=== Begin Enclosure ===

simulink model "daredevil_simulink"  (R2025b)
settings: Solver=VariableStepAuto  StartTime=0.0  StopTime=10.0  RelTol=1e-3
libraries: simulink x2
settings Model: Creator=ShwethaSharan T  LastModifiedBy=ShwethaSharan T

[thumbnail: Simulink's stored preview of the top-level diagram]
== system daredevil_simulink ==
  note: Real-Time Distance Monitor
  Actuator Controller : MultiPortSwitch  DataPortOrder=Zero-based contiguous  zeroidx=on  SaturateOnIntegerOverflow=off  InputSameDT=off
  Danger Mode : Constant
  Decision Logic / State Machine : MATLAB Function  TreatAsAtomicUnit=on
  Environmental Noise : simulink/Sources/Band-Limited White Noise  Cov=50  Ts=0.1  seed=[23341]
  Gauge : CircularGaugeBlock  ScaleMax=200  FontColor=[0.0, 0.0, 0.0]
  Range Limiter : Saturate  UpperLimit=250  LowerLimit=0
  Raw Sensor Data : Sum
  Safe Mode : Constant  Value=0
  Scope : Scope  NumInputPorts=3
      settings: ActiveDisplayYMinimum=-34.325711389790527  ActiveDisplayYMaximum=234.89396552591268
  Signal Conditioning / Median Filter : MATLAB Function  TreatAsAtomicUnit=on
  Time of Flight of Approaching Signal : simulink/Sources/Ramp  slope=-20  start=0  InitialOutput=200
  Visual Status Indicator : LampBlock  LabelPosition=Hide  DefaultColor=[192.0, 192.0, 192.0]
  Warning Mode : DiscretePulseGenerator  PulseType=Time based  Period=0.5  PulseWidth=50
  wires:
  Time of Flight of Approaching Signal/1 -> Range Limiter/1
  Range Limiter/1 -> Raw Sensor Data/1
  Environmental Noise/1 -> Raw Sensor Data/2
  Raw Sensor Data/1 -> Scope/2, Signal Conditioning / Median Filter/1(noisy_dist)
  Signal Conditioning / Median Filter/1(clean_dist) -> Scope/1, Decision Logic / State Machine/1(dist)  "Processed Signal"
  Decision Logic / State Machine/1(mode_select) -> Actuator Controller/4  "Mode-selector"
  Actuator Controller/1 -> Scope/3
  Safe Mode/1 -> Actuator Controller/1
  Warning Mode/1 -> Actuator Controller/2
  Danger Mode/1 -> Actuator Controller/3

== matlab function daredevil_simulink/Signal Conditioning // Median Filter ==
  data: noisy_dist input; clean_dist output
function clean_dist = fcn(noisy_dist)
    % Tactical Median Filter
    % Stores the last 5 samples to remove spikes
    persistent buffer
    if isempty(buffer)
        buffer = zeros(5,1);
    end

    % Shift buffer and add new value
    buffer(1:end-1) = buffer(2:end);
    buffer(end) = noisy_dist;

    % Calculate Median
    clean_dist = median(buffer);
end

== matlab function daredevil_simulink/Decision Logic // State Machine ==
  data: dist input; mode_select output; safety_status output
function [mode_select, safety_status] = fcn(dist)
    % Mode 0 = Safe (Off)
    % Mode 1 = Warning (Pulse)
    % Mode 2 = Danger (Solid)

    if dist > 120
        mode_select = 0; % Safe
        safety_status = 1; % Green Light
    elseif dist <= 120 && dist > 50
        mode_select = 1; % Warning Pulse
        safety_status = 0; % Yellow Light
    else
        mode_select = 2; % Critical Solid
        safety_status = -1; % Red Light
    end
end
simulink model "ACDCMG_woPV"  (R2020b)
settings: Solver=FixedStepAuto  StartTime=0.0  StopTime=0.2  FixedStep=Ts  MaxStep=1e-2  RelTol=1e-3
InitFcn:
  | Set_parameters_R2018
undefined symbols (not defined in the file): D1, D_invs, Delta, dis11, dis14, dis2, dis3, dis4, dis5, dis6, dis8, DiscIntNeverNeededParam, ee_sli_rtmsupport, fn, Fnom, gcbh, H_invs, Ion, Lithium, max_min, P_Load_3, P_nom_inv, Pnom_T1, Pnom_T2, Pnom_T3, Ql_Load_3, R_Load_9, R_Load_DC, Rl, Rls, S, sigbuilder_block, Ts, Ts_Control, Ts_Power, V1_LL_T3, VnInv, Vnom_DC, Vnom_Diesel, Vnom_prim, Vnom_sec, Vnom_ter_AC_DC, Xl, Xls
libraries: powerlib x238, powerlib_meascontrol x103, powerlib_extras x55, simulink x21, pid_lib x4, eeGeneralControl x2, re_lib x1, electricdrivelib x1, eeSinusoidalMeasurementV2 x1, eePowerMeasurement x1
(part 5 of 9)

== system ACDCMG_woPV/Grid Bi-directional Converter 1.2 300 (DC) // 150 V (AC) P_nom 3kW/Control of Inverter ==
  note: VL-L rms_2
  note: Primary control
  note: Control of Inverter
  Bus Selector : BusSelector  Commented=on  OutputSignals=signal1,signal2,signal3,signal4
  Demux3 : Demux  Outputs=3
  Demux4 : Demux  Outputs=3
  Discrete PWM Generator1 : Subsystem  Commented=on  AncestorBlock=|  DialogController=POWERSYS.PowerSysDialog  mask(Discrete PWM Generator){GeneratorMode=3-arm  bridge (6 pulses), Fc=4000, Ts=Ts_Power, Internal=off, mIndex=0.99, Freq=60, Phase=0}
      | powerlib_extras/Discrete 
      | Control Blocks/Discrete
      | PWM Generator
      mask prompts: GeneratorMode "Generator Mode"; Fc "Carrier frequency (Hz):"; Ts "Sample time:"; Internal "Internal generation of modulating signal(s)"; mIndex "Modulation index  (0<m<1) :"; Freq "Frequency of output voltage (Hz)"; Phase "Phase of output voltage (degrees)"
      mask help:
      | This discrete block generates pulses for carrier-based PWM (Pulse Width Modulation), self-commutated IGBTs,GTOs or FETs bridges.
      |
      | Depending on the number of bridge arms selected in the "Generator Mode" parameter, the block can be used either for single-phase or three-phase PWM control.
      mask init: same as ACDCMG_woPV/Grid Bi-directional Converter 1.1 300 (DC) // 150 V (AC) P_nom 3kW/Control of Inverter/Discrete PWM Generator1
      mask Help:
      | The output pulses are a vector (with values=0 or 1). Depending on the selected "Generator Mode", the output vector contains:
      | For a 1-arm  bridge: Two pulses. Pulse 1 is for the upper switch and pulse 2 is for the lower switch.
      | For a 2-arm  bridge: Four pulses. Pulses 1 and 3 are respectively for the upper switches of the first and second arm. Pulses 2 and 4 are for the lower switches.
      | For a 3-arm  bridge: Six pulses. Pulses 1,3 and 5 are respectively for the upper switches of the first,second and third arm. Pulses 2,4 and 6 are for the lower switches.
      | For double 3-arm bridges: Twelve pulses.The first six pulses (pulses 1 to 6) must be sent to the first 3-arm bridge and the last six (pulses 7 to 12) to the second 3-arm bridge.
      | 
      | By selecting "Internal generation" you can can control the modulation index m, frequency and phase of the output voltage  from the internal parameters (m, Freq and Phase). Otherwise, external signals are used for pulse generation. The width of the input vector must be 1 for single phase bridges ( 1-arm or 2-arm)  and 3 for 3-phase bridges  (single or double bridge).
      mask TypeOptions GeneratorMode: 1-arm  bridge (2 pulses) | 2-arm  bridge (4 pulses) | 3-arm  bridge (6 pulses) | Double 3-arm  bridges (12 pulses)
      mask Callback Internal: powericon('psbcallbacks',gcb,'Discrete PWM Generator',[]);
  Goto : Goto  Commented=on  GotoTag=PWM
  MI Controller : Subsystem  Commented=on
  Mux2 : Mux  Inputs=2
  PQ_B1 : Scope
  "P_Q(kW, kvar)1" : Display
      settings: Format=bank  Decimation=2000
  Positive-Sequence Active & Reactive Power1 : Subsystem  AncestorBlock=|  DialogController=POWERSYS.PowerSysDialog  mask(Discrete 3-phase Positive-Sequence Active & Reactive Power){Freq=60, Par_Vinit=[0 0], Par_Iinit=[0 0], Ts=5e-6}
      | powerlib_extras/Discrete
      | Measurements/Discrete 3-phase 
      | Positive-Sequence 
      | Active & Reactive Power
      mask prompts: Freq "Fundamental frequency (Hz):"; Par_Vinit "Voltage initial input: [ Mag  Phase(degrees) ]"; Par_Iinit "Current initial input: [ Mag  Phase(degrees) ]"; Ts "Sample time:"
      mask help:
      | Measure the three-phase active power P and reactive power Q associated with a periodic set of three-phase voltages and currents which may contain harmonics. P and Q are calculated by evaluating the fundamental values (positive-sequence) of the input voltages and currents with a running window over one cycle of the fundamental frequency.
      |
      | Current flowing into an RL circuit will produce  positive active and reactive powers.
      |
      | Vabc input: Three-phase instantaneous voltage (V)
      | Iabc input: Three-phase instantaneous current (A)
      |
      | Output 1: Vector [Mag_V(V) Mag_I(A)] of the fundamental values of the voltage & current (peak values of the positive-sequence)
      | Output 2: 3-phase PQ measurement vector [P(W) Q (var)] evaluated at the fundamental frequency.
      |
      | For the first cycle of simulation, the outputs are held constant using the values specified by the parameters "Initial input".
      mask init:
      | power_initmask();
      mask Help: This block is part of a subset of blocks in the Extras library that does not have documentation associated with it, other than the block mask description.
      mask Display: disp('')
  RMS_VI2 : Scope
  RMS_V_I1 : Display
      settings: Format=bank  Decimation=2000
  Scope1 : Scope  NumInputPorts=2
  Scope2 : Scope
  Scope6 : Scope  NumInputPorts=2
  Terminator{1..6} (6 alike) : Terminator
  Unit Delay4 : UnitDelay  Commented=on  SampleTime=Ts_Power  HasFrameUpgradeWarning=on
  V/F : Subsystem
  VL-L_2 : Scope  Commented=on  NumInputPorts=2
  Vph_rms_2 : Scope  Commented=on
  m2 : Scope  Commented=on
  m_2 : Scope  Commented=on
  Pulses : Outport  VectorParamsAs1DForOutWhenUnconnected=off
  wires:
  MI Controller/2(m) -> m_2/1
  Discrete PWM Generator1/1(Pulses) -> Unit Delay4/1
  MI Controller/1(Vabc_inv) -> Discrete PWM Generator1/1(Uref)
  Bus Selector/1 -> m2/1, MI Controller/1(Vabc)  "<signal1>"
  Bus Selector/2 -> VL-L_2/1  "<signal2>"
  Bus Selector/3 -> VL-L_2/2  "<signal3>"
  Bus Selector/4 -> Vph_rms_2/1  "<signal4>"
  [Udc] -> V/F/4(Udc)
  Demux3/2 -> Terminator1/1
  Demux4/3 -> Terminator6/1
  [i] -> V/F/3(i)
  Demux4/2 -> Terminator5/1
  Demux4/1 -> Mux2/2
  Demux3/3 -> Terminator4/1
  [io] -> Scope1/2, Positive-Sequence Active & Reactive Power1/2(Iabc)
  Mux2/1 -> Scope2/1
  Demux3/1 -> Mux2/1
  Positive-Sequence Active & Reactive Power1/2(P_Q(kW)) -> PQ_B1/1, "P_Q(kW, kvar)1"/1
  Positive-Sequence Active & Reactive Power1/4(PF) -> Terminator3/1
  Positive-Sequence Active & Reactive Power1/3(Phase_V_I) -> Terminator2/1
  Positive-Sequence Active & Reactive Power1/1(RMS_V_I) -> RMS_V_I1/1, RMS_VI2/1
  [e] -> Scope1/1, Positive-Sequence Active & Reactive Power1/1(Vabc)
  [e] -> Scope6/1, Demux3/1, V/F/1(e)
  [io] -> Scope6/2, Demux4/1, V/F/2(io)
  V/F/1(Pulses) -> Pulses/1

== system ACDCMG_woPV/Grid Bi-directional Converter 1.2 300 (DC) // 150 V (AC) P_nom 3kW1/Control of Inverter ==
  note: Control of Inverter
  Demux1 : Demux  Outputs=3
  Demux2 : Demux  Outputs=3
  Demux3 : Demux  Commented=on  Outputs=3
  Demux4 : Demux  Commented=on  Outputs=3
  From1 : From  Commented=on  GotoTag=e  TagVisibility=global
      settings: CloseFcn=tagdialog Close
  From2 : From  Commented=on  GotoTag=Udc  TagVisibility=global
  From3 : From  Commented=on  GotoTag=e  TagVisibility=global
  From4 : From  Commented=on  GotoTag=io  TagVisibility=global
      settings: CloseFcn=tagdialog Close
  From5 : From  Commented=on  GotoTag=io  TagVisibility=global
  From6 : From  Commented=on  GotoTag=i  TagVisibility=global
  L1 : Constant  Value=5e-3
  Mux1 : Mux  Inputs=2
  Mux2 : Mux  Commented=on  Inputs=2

=== End Enclosure ===

- **Task to carry out**: Lines above holding "bridges": give their count, nothing more.

- **Solution for this exercise**: 4